[Entries taken from a collection]
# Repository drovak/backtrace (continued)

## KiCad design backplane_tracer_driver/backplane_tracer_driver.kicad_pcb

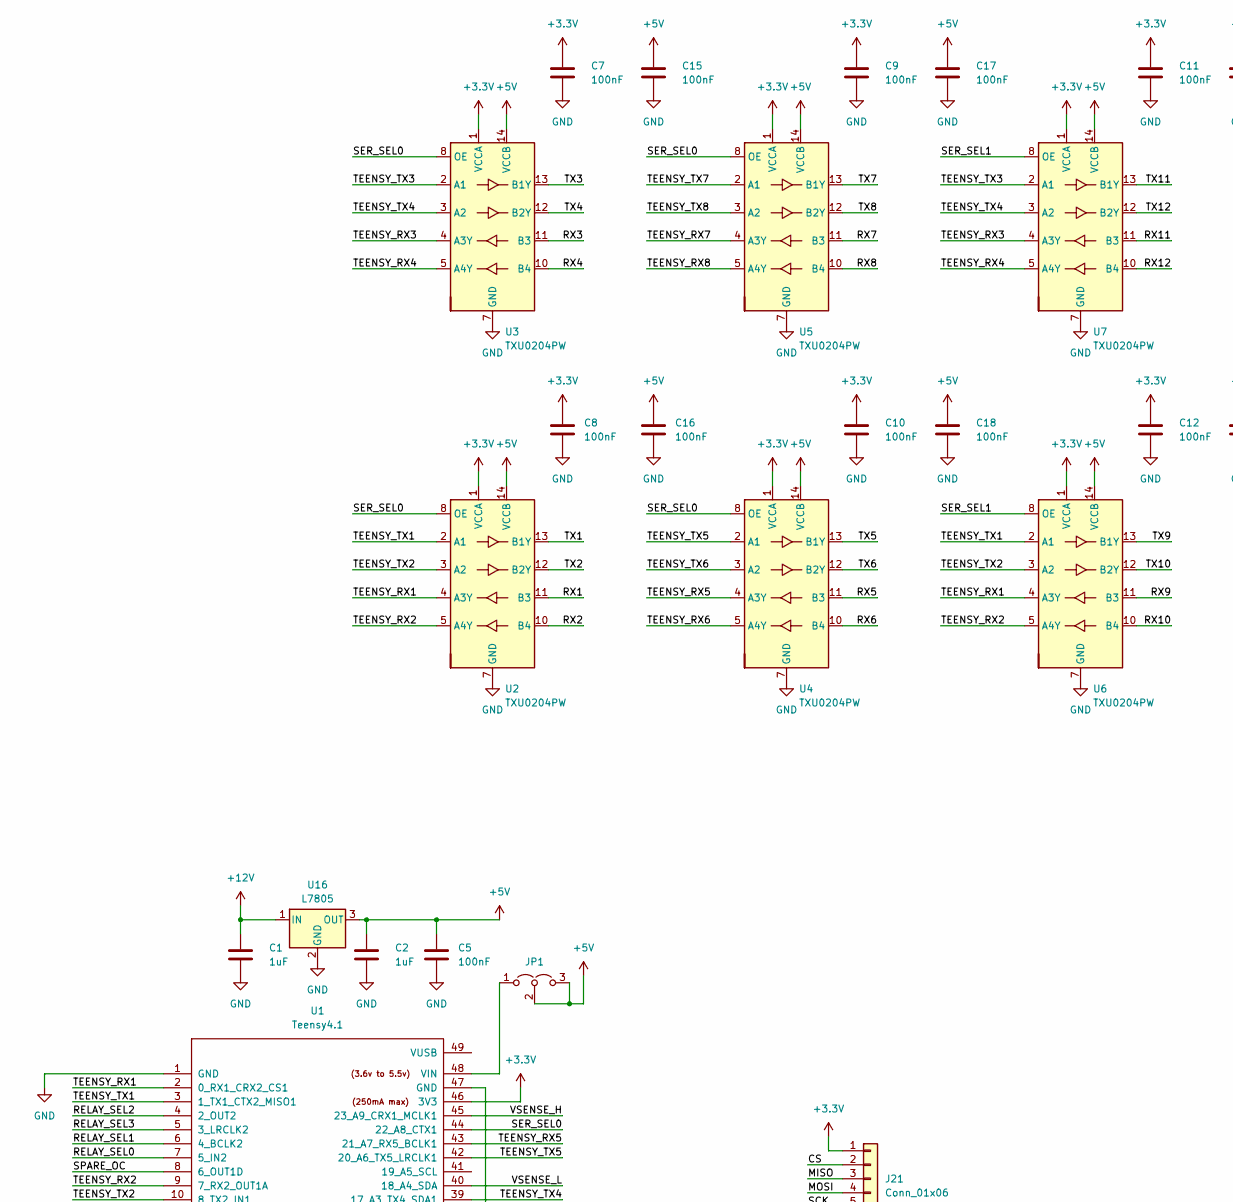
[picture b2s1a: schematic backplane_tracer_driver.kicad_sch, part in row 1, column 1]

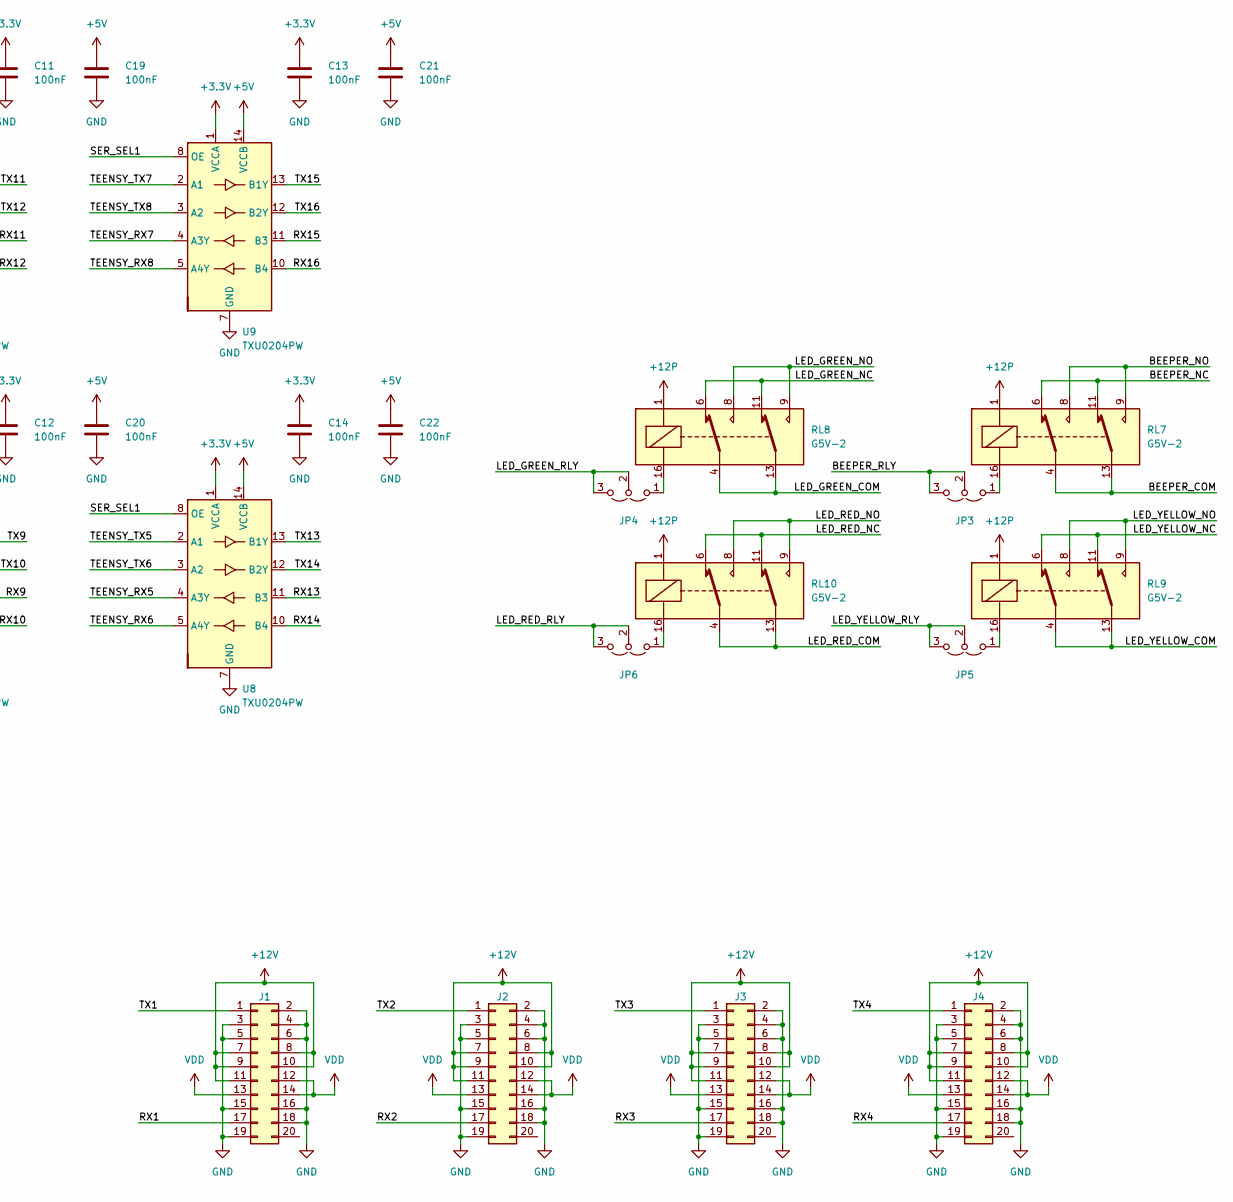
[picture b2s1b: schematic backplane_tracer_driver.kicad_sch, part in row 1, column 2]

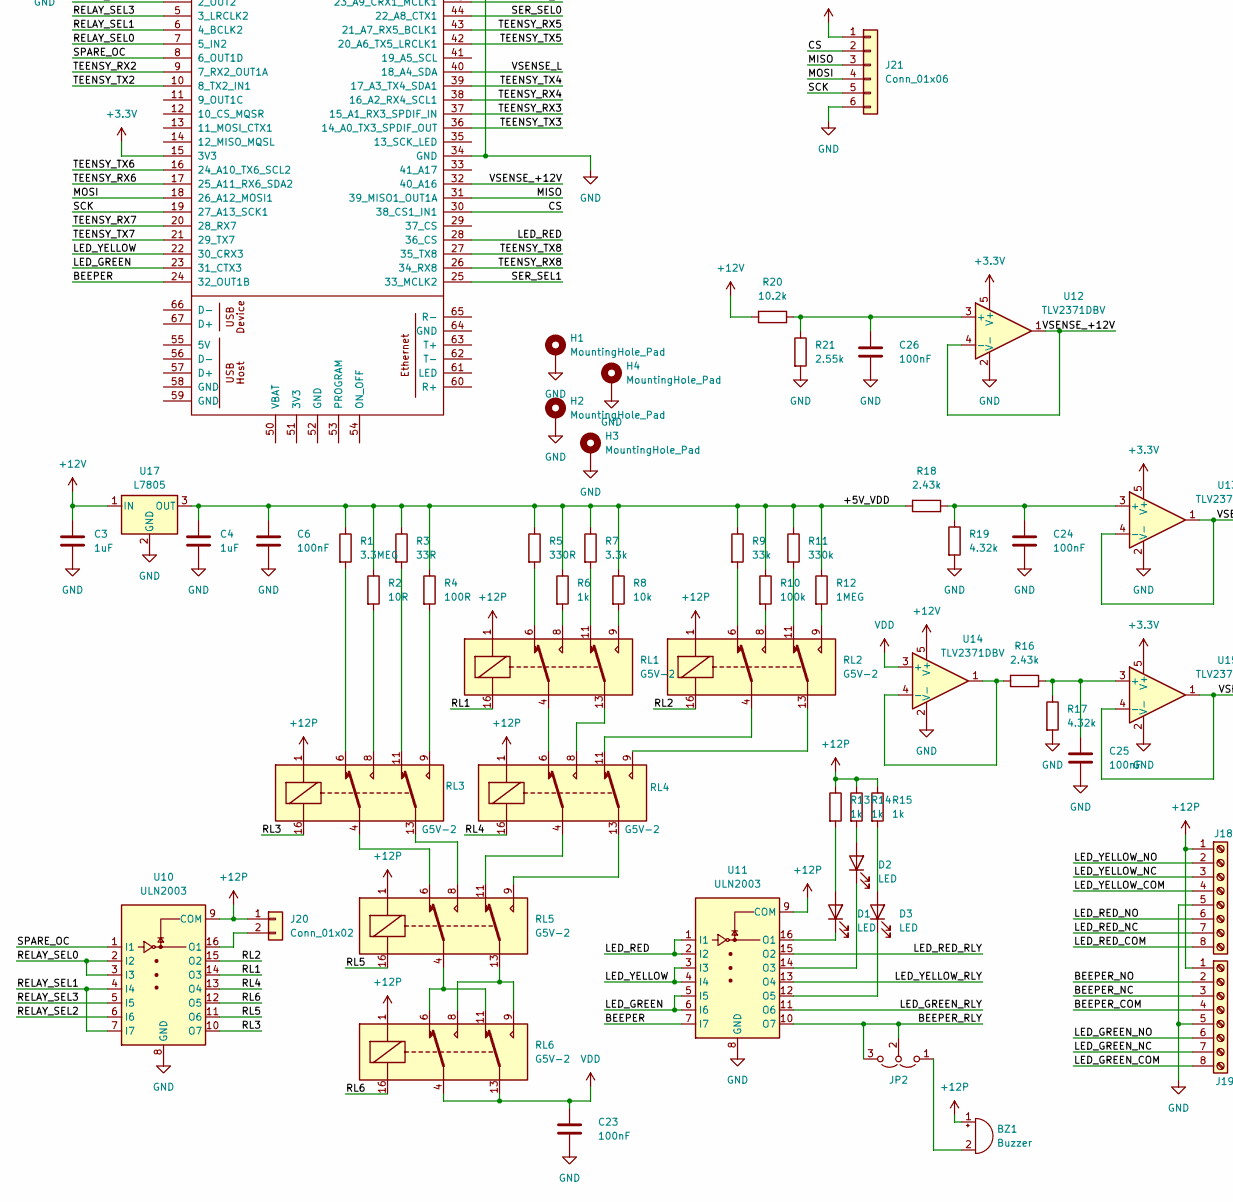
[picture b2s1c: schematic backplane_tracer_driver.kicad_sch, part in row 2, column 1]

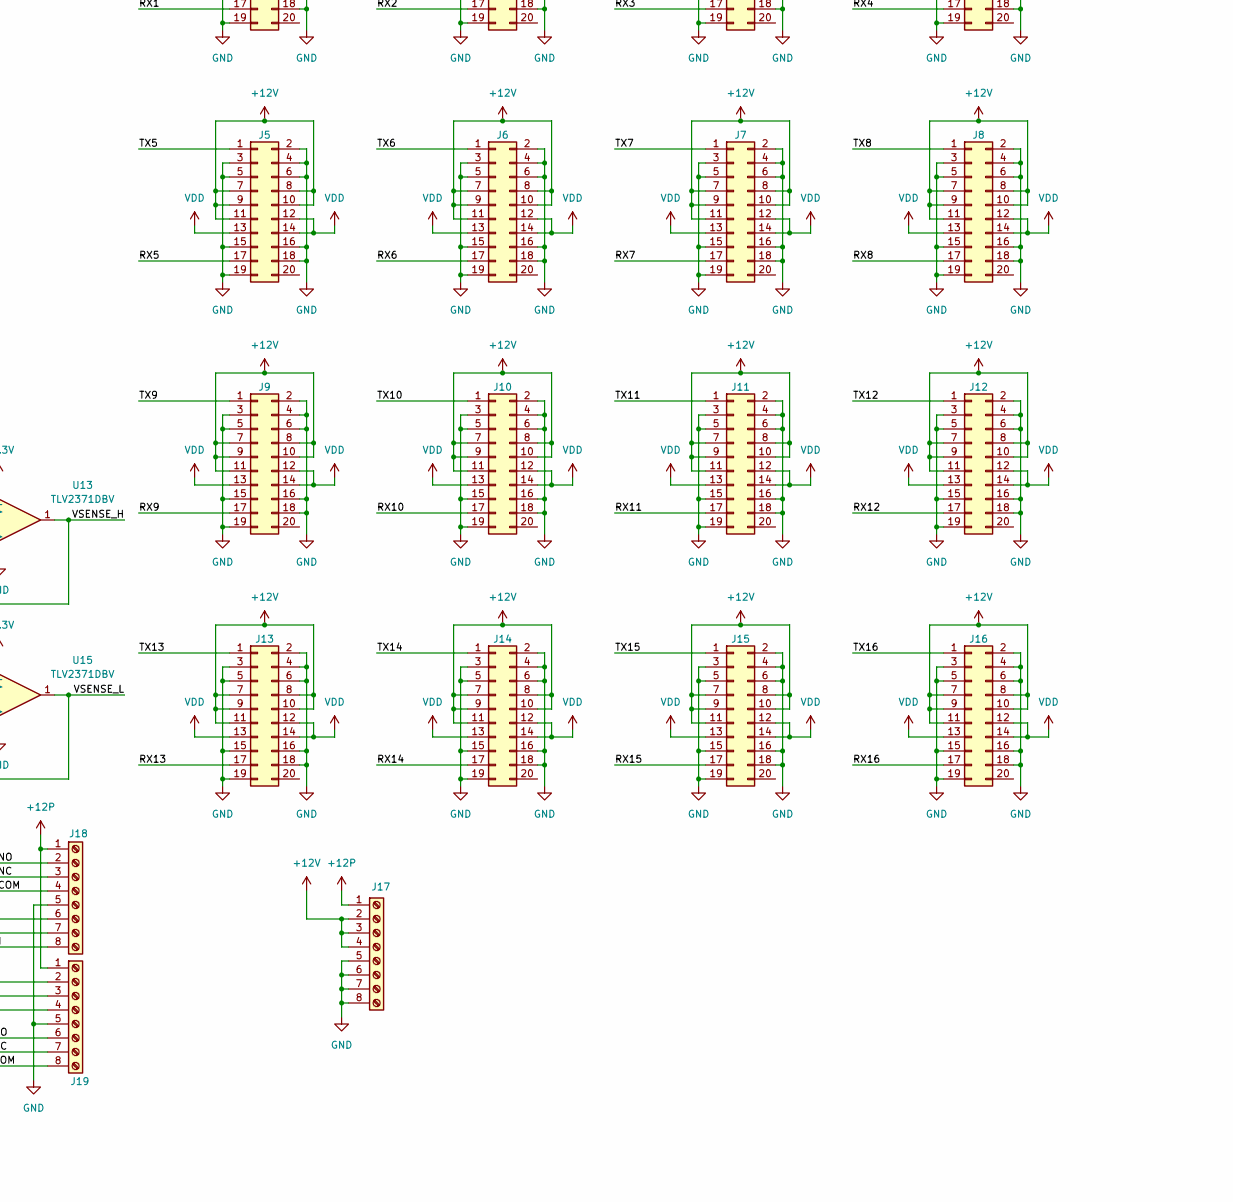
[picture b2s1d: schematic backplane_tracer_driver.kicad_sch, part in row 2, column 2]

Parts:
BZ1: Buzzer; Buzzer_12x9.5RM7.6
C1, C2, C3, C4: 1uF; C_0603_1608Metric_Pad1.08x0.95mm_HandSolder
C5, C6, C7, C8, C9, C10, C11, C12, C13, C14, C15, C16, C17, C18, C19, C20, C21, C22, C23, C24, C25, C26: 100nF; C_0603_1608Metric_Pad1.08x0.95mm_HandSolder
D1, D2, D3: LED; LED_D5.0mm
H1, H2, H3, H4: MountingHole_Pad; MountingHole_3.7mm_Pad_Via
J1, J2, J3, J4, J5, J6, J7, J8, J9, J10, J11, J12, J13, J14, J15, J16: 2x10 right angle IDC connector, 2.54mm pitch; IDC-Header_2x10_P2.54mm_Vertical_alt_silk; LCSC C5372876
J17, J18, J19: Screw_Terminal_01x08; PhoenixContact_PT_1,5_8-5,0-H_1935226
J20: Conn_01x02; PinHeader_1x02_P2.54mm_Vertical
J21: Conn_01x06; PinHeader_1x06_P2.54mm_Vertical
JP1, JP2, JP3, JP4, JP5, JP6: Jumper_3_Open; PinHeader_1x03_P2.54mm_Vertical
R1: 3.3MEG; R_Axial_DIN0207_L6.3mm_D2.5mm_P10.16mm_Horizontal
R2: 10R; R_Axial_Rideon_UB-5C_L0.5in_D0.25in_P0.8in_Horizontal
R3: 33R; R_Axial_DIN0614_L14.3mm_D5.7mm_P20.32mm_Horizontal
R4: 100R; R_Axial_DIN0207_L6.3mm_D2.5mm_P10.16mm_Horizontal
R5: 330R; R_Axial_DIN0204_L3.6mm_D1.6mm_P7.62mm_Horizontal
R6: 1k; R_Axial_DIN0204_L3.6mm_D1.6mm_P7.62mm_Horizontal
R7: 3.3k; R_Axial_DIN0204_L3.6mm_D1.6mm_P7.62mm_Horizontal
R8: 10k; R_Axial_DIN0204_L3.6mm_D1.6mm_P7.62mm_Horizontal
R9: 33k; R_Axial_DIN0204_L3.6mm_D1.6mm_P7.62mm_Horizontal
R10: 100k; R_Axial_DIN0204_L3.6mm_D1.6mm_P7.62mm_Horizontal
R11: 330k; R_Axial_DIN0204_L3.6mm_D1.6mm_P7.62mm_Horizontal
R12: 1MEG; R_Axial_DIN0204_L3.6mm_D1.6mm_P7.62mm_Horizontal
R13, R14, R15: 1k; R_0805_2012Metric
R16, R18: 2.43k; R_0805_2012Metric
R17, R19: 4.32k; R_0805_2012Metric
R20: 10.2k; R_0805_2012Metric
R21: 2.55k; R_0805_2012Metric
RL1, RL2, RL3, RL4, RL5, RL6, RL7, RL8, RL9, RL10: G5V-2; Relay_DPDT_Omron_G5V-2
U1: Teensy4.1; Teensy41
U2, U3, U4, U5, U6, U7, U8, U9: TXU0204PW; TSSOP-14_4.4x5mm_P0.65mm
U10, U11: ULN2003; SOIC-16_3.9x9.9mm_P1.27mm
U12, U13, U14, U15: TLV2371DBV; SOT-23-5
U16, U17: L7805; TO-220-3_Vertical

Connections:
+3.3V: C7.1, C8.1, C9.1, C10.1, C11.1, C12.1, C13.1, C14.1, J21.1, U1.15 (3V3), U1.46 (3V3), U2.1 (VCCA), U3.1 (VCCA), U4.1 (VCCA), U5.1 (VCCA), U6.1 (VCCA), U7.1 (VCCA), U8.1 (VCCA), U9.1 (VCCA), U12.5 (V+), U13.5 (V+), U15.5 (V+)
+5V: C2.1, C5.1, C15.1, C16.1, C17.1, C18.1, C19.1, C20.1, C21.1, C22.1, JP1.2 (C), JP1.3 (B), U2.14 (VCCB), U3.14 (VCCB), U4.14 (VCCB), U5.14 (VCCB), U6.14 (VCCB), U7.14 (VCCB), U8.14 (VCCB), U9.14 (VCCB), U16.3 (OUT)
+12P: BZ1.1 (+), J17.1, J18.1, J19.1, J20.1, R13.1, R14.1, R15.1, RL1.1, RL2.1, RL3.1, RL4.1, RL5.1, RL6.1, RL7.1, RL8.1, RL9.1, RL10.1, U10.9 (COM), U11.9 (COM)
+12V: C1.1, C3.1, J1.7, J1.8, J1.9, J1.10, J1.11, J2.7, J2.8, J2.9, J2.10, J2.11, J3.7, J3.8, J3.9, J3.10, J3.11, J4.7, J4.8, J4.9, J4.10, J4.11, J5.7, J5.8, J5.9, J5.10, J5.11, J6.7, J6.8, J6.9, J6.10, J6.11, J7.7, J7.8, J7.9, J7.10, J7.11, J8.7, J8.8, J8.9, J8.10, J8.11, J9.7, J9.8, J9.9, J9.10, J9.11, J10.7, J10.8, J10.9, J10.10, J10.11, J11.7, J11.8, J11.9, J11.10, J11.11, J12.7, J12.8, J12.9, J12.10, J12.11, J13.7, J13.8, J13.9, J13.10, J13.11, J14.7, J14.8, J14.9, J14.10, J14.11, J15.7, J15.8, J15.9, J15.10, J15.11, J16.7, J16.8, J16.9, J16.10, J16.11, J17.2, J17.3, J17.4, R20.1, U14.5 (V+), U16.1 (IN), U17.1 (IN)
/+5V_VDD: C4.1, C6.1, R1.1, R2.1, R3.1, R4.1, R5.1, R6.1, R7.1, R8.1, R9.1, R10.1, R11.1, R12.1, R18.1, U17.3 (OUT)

> _WHAT YOU ARE ASKED TO DO_
Without the pictures, restate all the entries above exactly.

> _RESPONSE TO THE EXERCISE_
# Repository drovak/backtrace (continued)

## KiCad design backplane_tracer_driver/backplane_tracer_driver.kicad_pcb

[picture b2s1a: schematic backplane_tracer_driver.kicad_sch, part in row 1, column 1]

[picture b2s1b: schematic backplane_tracer_driver.kicad_sch, part in row 1, column 2]

[picture b2s1c: schematic backplane_tracer_driver.kicad_sch, part in row 2, column 1]

[picture b2s1d: schematic backplane_tracer_driver.kicad_sch, part in row 2, column 2]

Parts:
BZ1: Buzzer; Buzzer_12x9.5RM7.6
C1, C2, C3, C4: 1uF; C_0603_1608Metric_Pad1.08x0.95mm_HandSolder
C5, C6, C7, C8, C9, C10, C11, C12, C13, C14, C15, C16, C17, C18, C19, C20, C21, C22, C23, C24, C25, C26: 100nF; C_0603_1608Metric_Pad1.08x0.95mm_HandSolder
D1, D2, D3: LED; LED_D5.0mm
H1, H2, H3, H4: MountingHole_Pad; MountingHole_3.7mm_Pad_Via
J1, J2, J3, J4, J5, J6, J7, J8, J9, J10, J11, J12, J13, J14, J15, J16: 2x10 right angle IDC connector, 2.54mm pitch; IDC-Header_2x10_P2.54mm_Vertical_alt_silk; LCSC C5372876
J17, J18, J19: Screw_Terminal_01x08; PhoenixContact_PT_1,5_8-5,0-H_1935226
J20: Conn_01x02; PinHeader_1x02_P2.54mm_Vertical
J21: Conn_01x06; PinHeader_1x06_P2.54mm_Vertical
JP1, JP2, JP3, JP4, JP5, JP6: Jumper_3_Open; PinHeader_1x03_P2.54mm_Vertical
R1: 3.3MEG; R_Axial_DIN0207_L6.3mm_D2.5mm_P10.16mm_Horizontal
R2: 10R; R_Axial_Rideon_UB-5C_L0.5in_D0.25in_P0.8in_Horizontal
R3: 33R; R_Axial_DIN0614_L14.3mm_D5.7mm_P20.32mm_Horizontal
R4: 100R; R_Axial_DIN0207_L6.3mm_D2.5mm_P10.16mm_Horizontal
R5: 330R; R_Axial_DIN0204_L3.6mm_D1.6mm_P7.62mm_Horizontal
R6: 1k; R_Axial_DIN0204_L3.6mm_D1.6mm_P7.62mm_Horizontal
R7: 3.3k; R_Axial_DIN0204_L3.6mm_D1.6mm_P7.62mm_Horizontal
R8: 10k; R_Axial_DIN0204_L3.6mm_D1.6mm_P7.62mm_Horizontal
R9: 33k; R_Axial_DIN0204_L3.6mm_D1.6mm_P7.62mm_Horizontal
R10: 100k; R_Axial_DIN0204_L3.6mm_D1.6mm_P7.62mm_Horizontal
R11: 330k; R_Axial_DIN0204_L3.6mm_D1.6mm_P7.62mm_Horizontal
R12: 1MEG; R_Axial_DIN0204_L3.6mm_D1.6mm_P7.62mm_Horizontal
R13, R14, R15: 1k; R_0805_2012Metric
R16, R18: 2.43k; R_0805_2012Metric
R17, R19: 4.32k; R_0805_2012Metric
R20: 10.2k; R_0805_2012Metric
R21: 2.55k; R_0805_2012Metric
RL1, RL2, RL3, RL4, RL5, RL6, RL7, RL8, RL9, RL10: G5V-2; Relay_DPDT_Omron_G5V-2
U1: Teensy4.1; Teensy41
U2, U3, U4, U5, U6, U7, U8, U9: TXU0204PW; TSSOP-14_4.4x5mm_P0.65mm
U10, U11: ULN2003; SOIC-16_3.9x9.9mm_P1.27mm
U12, U13, U14, U15: TLV2371DBV; SOT-23-5
U16, U17: L7805; TO-220-3_Vertical

Connections:
+3.3V: C7.1, C8.1, C9.1, C10.1, C11.1, C12.1, C13.1, C14.1, J21.1, U1.15 (3V3), U1.46 (3V3), U2.1 (VCCA), U3.1 (VCCA), U4.1 (VCCA), U5.1 (VCCA), U6.1 (VCCA), U7.1 (VCCA), U8.1 (VCCA), U9.1 (VCCA), U12.5 (V+), U13.5 (V+), U15.5 (V+)
+5V: C2.1, C5.1, C15.1, C16.1, C17.1, C18.1, C19.1, C20.1, C21.1, C22.1, JP1.2 (C), JP1.3 (B), U2.14 (VCCB), U3.14 (VCCB), U4.14 (VCCB), U5.14 (VCCB), U6.14 (VCCB), U7.14 (VCCB), U8.14 (VCCB), U9.14 (VCCB), U16.3 (OUT)
+12P: BZ1.1 (+), J17.1, J18.1, J19.1, J20.1, R13.1, R14.1, R15.1, RL1.1, RL2.1, RL3.1, RL4.1, RL5.1, RL6.1, RL7.1, RL8.1, RL9.1, RL10.1, U10.9 (COM), U11.9 (COM)
+12V: C1.1, C3.1, J1.7, J1.8, J1.9, J1.10, J1.11, J2.7, J2.8, J2.9, J2.10, J2.11, J3.7, J3.8, J3.9, J3.10, J3.11, J4.7, J4.8, J4.9, J4.10, J4.11, J5.7, J5.8, J5.9, J5.10, J5.11, J6.7, J6.8, J6.9, J6.10, J6.11, J7.7, J7.8, J7.9, J7.10, J7.11, J8.7, J8.8, J8.9, J8.10, J8.11, J9.7, J9.8, J9.9, J9.10, J9.11, J10.7, J10.8, J10.9, J10.10, J10.11, J11.7, J11.8, J11.9, J11.10, J11.11, J12.7, J12.8, J12.9, J12.10, J12.11, J13.7, J13.8, J13.9, J13.10, J13.11, J14.7, J14.8, J14.9, J14.10, J14.11, J15.7, J15.8, J15.9, J15.10, J15.11, J16.7, J16.8, J16.9, J16.10, J16.11, J17.2, J17.3, J17.4, R20.1, U14.5 (V+), U16.1 (IN), U17.1 (IN)
/+5V_VDD: C4.1, C6.1, R1.1, R2.1, R3.1, R4.1, R5.1, R6.1, R7.1, R8.1, R9.1, R10.1, R11.1, R12.1, R18.1, U17.3 (OUT)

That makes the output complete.